The answer must consist of every line below that contains the word "Capa".

Dataset entries section start

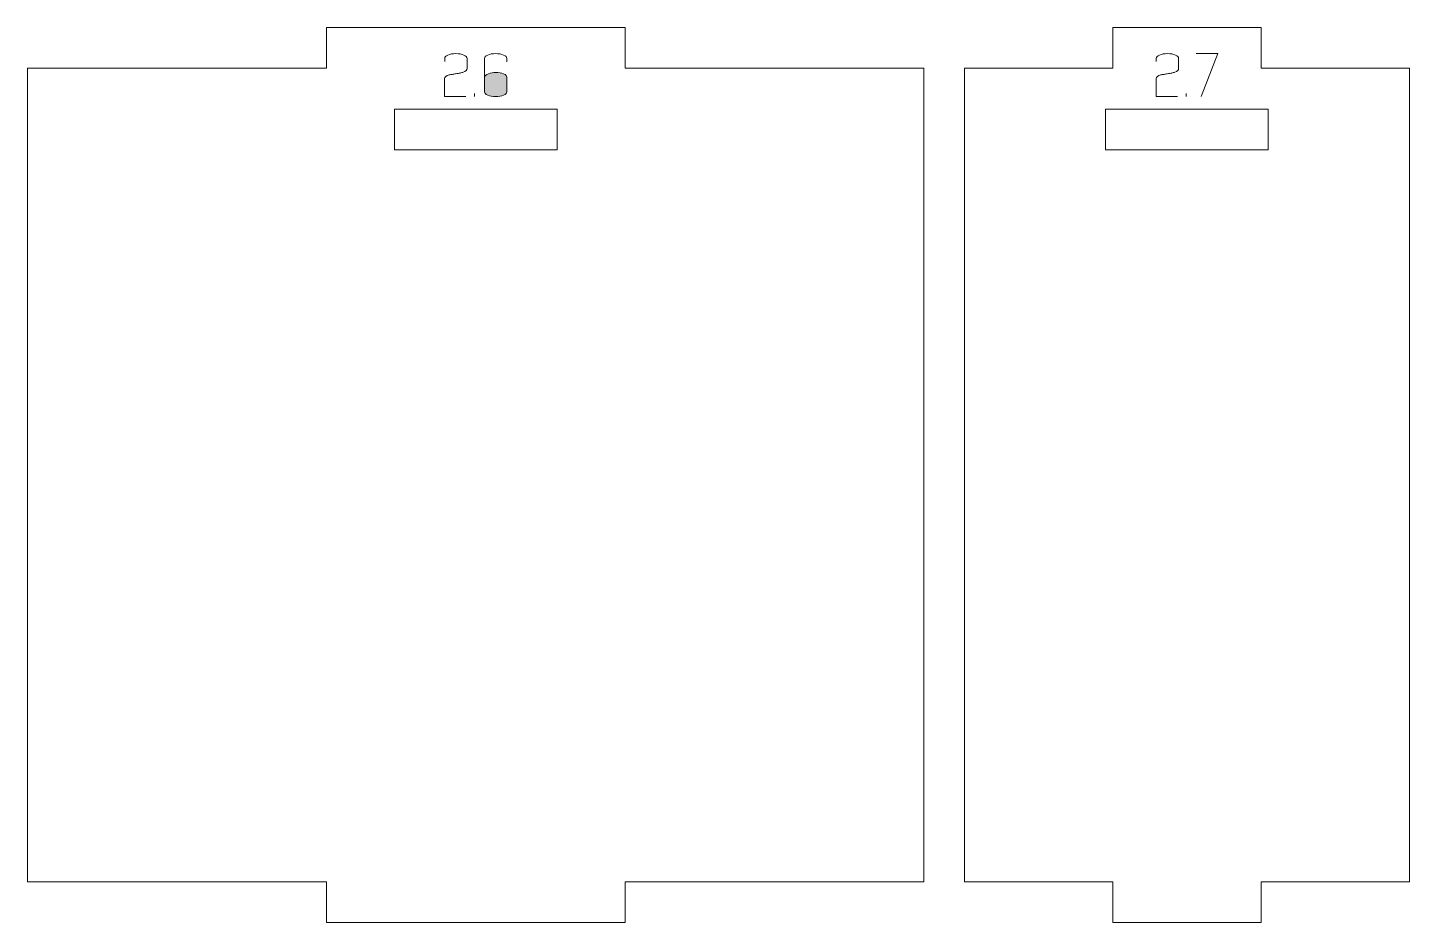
# Model space of a CAD drawing. Header units: centimetres. Extents: x -191 to 212, y -234 to 239.
# Drawn here: x -149.04 to -138.84, y -45.73 to -39.13 of the extents above; entities that cross this region are included whole.
import ezdxf

# ---------------------------------------------------------------- set-up
doc = ezdxf.new("R2010")
doc.units = ezdxf.units.CM
doc.header["$MEASUREMENT"] = 0
doc.layers.add('Capa 1', color=7, linetype='Continuous')

msp = doc.modelspace()

# ---------------------------------------------------------------- hatches: boundary and pattern name
at = {"layer": 'Capa 1', "true_color": 0x3e4095}
h = msp.add_hatch(color=175, dxfattribs=at)
edge = h.paths.add_edge_path()
edge.add_spline(control_points=[(-145.95999, -39.641), (-145.95999, -39.641), (-145.95999, -39.50846), (-145.95999, -39.50846), (-145.95907, -39.49654), (-145.94822, -39.48737), (-145.92743, -39.48095), (-145.91887, -39.48033), (-145.91069, -39.47934), (-145.90289, -39.47796), (-145.8951, -39.47659), (-145.88722, -39.47514), (-145.87927, -39.47361), (-145.8646, -39.47116), (-145.85336, -39.46917), (-145.84557, -39.46765), (-145.83777, -39.46612), (-145.8302, -39.46413), (-145.82286, -39.46168), (-145.80391, -39.45465), (-145.79443, -39.44563), (-145.79443, -39.43463), (-145.79443, -39.43463), (-145.79443, -39.35987), (-145.79443, -39.35987), (-145.79443, -39.35009), (-145.8023, -39.34176), (-145.81805, -39.33488), (-145.83379, -39.328), (-145.85344, -39.32456), (-145.87698, -39.32456), (-145.90052, -39.32456), (-145.92017, -39.328), (-145.93591, -39.33488), (-145.95166, -39.34176), (-145.95953, -39.35009), (-145.95953, -39.35987), (-145.95953, -39.35987), (-145.95953, -39.38234), (-145.95953, -39.38234), (-145.95953, -39.38234), (-145.95953, -39.35987), (-145.95953, -39.35987), (-145.95953, -39.35009), (-145.95166, -39.34176), (-145.93591, -39.33488), (-145.92017, -39.328), (-145.90052, -39.32456), (-145.87698, -39.32456), (-145.85344, -39.32456), (-145.83379, -39.328), (-145.81805, -39.33488), (-145.8023, -39.34176), (-145.79443, -39.35009), (-145.79443, -39.35987), (-145.79443, -39.35987), (-145.79443, -39.43463), (-145.79443, -39.43463), (-145.79443, -39.44563), (-145.80391, -39.45465), (-145.82286, -39.46168), (-145.8302, -39.46413), (-145.83777, -39.46612), (-145.84557, -39.46765), (-145.85336, -39.46917), (-145.8646, -39.47116), (-145.87927, -39.47361), (-145.88722, -39.47514), (-145.8951, -39.47659), (-145.90289, -39.47796), (-145.91069, -39.47934), (-145.91887, -39.48033), (-145.92743, -39.48095), (-145.94822, -39.48737), (-145.95907, -39.49654), (-145.95999, -39.50846), (-145.95999, -39.50846), (-145.95999, -39.641), (-145.95999, -39.641), (-145.95999, -39.641), (-145.80314, -39.641), (-145.80314, -39.641), (-145.80314, -39.641), (-145.95999, -39.641), (-145.95999, -39.641)], knot_values=[0, 0, 0, 0, 0.03571429, 0.03571429, 0.03571429, 0.07142857, 0.07142857, 0.07142857, 0.10714286, 0.10714286, 0.10714286, 0.14285714, 0.14285714, 0.14285714, 0.17857143, 0.17857143, 0.17857143, 0.21428571, 0.21428571, 0.21428571, 0.25, 0.25, 0.25, 0.28571429, 0.28571429, 0.28571429, 0.32142857, 0.32142857, 0.32142857, 0.35714286, 0.35714286, 0.35714286, 0.39285714, 0.39285714, 0.39285714, 0.42857143, 0.42857143, 0.42857143, 0.46428571, 0.46428571, 0.46428571, 0.5, 0.5, 0.5, 0.53571429, 0.53571429, 0.53571429, 0.57142857, 0.57142857, 0.57142857, 0.60714286, 0.60714286, 0.60714286, 0.64285714, 0.64285714, 0.64285714, 0.67857143, 0.67857143, 0.67857143, 0.71428571, 0.71428571, 0.71428571, 0.75, 0.75, 0.75, 0.78571429, 0.78571429, 0.78571429, 0.82142857, 0.82142857, 0.82142857, 0.85714286, 0.85714286, 0.85714286, 0.89285714, 0.89285714, 0.89285714, 0.92857143, 0.92857143, 0.92857143, 0.96428571, 0.96428571, 0.96428571, 1, 1, 1, 1], degree=3, periodic=1)
h = msp.add_hatch(color=175, dxfattribs=at)
edge = h.paths.add_edge_path()
edge.add_spline(control_points=[(-145.58347, -39.641), (-145.60701, -39.641), (-145.62666, -39.63756), (-145.6424, -39.63068), (-145.65815, -39.6238), (-145.66602, -39.61547), (-145.66602, -39.60569), (-145.66602, -39.60569), (-145.66602, -39.49883), (-145.66602, -39.49883), (-145.66602, -39.49883), (-145.66602, -39.35987), (-145.66602, -39.35987), (-145.66602, -39.35009), (-145.65815, -39.34176), (-145.6424, -39.33488), (-145.62666, -39.328), (-145.60701, -39.32456), (-145.58347, -39.32456), (-145.55993, -39.32456), (-145.54028, -39.328), (-145.52454, -39.33488), (-145.50879, -39.34176), (-145.50092, -39.35009), (-145.50092, -39.35987), (-145.50092, -39.35987), (-145.50092, -39.38555), (-145.50092, -39.38555), (-145.50092, -39.38555), (-145.50092, -39.35987), (-145.50092, -39.35987), (-145.50092, -39.35009), (-145.50879, -39.34176), (-145.52454, -39.33488), (-145.54028, -39.328), (-145.55993, -39.32456), (-145.58347, -39.32456), (-145.60701, -39.32456), (-145.62666, -39.328), (-145.6424, -39.33488), (-145.65815, -39.34176), (-145.66602, -39.35009), (-145.66602, -39.35987), (-145.66602, -39.35987), (-145.66602, -39.49883), (-145.66602, -39.49883), (-145.66602, -39.48966), (-145.65647, -39.48148), (-145.63736, -39.4743), (-145.61825, -39.46711), (-145.60029, -39.46352), (-145.58347, -39.46352), (-145.55993, -39.46352), (-145.54028, -39.46696), (-145.52454, -39.47384), (-145.50879, -39.48072), (-145.50092, -39.48905), (-145.50092, -39.49883), (-145.50092, -39.49883), (-145.50092, -39.60569), (-145.50092, -39.60569), (-145.50092, -39.61547), (-145.50879, -39.6238), (-145.52454, -39.63068), (-145.54028, -39.63756), (-145.55993, -39.641), (-145.58347, -39.641)], knot_values=[0, 0, 0, 0, 0.04545455, 0.04545455, 0.04545455, 0.09090909, 0.09090909, 0.09090909, 0.13636364, 0.13636364, 0.13636364, 0.18181818, 0.18181818, 0.18181818, 0.22727273, 0.22727273, 0.22727273, 0.27272727, 0.27272727, 0.27272727, 0.31818182, 0.31818182, 0.31818182, 0.36363636, 0.36363636, 0.36363636, 0.40909091, 0.40909091, 0.40909091, 0.45454545, 0.45454545, 0.45454545, 0.5, 0.5, 0.5, 0.54545455, 0.54545455, 0.54545455, 0.59090909, 0.59090909, 0.59090909, 0.63636364, 0.63636364, 0.63636364, 0.68181818, 0.68181818, 0.68181818, 0.72727273, 0.72727273, 0.72727273, 0.77272727, 0.77272727, 0.77272727, 0.81818182, 0.81818182, 0.81818182, 0.86363636, 0.86363636, 0.86363636, 0.90909091, 0.90909091, 0.90909091, 0.95454545, 0.95454545, 0.95454545, 1, 1, 1, 1], degree=3, periodic=1)
h = msp.add_hatch(color=175, dxfattribs=at)
edge = h.paths.add_edge_path()
edge.add_spline(control_points=[(-140.71107, -39.641), (-140.71107, -39.641), (-140.71107, -39.50846), (-140.71107, -39.50846), (-140.71015, -39.49654), (-140.6993, -39.48737), (-140.67851, -39.48095), (-140.66995, -39.48033), (-140.66177, -39.47934), (-140.65397, -39.47796), (-140.64618, -39.47659), (-140.6383, -39.47514), (-140.63035, -39.47361), (-140.61568, -39.47116), (-140.60444, -39.46917), (-140.59665, -39.46765), (-140.58885, -39.46612), (-140.58128, -39.46413), (-140.57394, -39.46168), (-140.55499, -39.45465), (-140.54551, -39.44563), (-140.54551, -39.43463), (-140.54551, -39.43463), (-140.54551, -39.35987), (-140.54551, -39.35987), (-140.54551, -39.35009), (-140.55338, -39.34176), (-140.56913, -39.33488), (-140.58487, -39.328), (-140.60452, -39.32456), (-140.62806, -39.32456), (-140.6516, -39.32456), (-140.67125, -39.328), (-140.68699, -39.33488), (-140.70274, -39.34176), (-140.71061, -39.35009), (-140.71061, -39.35987), (-140.71061, -39.35987), (-140.71061, -39.38234), (-140.71061, -39.38234), (-140.71061, -39.38234), (-140.71061, -39.35987), (-140.71061, -39.35987), (-140.71061, -39.35009), (-140.70274, -39.34176), (-140.68699, -39.33488), (-140.67125, -39.328), (-140.6516, -39.32456), (-140.62806, -39.32456), (-140.60452, -39.32456), (-140.58487, -39.328), (-140.56913, -39.33488), (-140.55338, -39.34176), (-140.54551, -39.35009), (-140.54551, -39.35987), (-140.54551, -39.35987), (-140.54551, -39.43463), (-140.54551, -39.43463), (-140.54551, -39.44563), (-140.55499, -39.45465), (-140.57394, -39.46168), (-140.58128, -39.46413), (-140.58885, -39.46612), (-140.59665, -39.46765), (-140.60444, -39.46917), (-140.61568, -39.47116), (-140.63035, -39.47361), (-140.6383, -39.47514), (-140.64618, -39.47659), (-140.65397, -39.47796), (-140.66177, -39.47934), (-140.66995, -39.48033), (-140.67851, -39.48095), (-140.6993, -39.48737), (-140.71015, -39.49654), (-140.71107, -39.50846), (-140.71107, -39.50846), (-140.71107, -39.641), (-140.71107, -39.641), (-140.71107, -39.641), (-140.55422, -39.641), (-140.55422, -39.641), (-140.55422, -39.641), (-140.71107, -39.641), (-140.71107, -39.641)], knot_values=[0, 0, 0, 0, 0.03571429, 0.03571429, 0.03571429, 0.07142857, 0.07142857, 0.07142857, 0.10714286, 0.10714286, 0.10714286, 0.14285714, 0.14285714, 0.14285714, 0.17857143, 0.17857143, 0.17857143, 0.21428571, 0.21428571, 0.21428571, 0.25, 0.25, 0.25, 0.28571429, 0.28571429, 0.28571429, 0.32142857, 0.32142857, 0.32142857, 0.35714286, 0.35714286, 0.35714286, 0.39285714, 0.39285714, 0.39285714, 0.42857143, 0.42857143, 0.42857143, 0.46428571, 0.46428571, 0.46428571, 0.5, 0.5, 0.5, 0.53571429, 0.53571429, 0.53571429, 0.57142857, 0.57142857, 0.57142857, 0.60714286, 0.60714286, 0.60714286, 0.64285714, 0.64285714, 0.64285714, 0.67857143, 0.67857143, 0.67857143, 0.71428571, 0.71428571, 0.71428571, 0.75, 0.75, 0.75, 0.78571429, 0.78571429, 0.78571429, 0.82142857, 0.82142857, 0.82142857, 0.85714286, 0.85714286, 0.85714286, 0.89285714, 0.89285714, 0.89285714, 0.92857143, 0.92857143, 0.92857143, 0.96428571, 0.96428571, 0.96428571, 1, 1, 1, 1], degree=3, periodic=1)
h = msp.add_hatch(color=175, dxfattribs=at)
edge = h.paths.add_edge_path()
edge.add_spline(control_points=[(-140.37858, -39.641), (-140.37858, -39.641), (-140.2575, -39.32456), (-140.2575, -39.32456), (-140.2575, -39.32456), (-140.4171, -39.32456), (-140.4171, -39.32456), (-140.4171, -39.32456), (-140.2575, -39.32456), (-140.2575, -39.32456), (-140.2575, -39.32456), (-140.37858, -39.641), (-140.37858, -39.641)], knot_values=[0, 0, 0, 0, 0.25, 0.25, 0.25, 0.5, 0.5, 0.5, 0.75, 0.75, 0.75, 1, 1, 1, 1], degree=3, periodic=1)
h = msp.add_hatch(color=175, dxfattribs=at)
edge = h.paths.add_edge_path()
edge.add_spline(control_points=[(-145.66602, -39.60569), (-145.66602, -39.61547), (-145.65815, -39.6238), (-145.6424, -39.63068), (-145.62666, -39.63756), (-145.60701, -39.641), (-145.58347, -39.641), (-145.55993, -39.641), (-145.54028, -39.63756), (-145.52454, -39.63068), (-145.50879, -39.6238), (-145.50092, -39.61547), (-145.50092, -39.60569), (-145.50092, -39.60569), (-145.50092, -39.49883), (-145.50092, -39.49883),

Dataset entries section end

• **Response to this exercise**
doc.layers.add('Capa 1', color=7, linetype='Continuous')
at = {"layer": 'Capa 1', "true_color": 0x3e4095}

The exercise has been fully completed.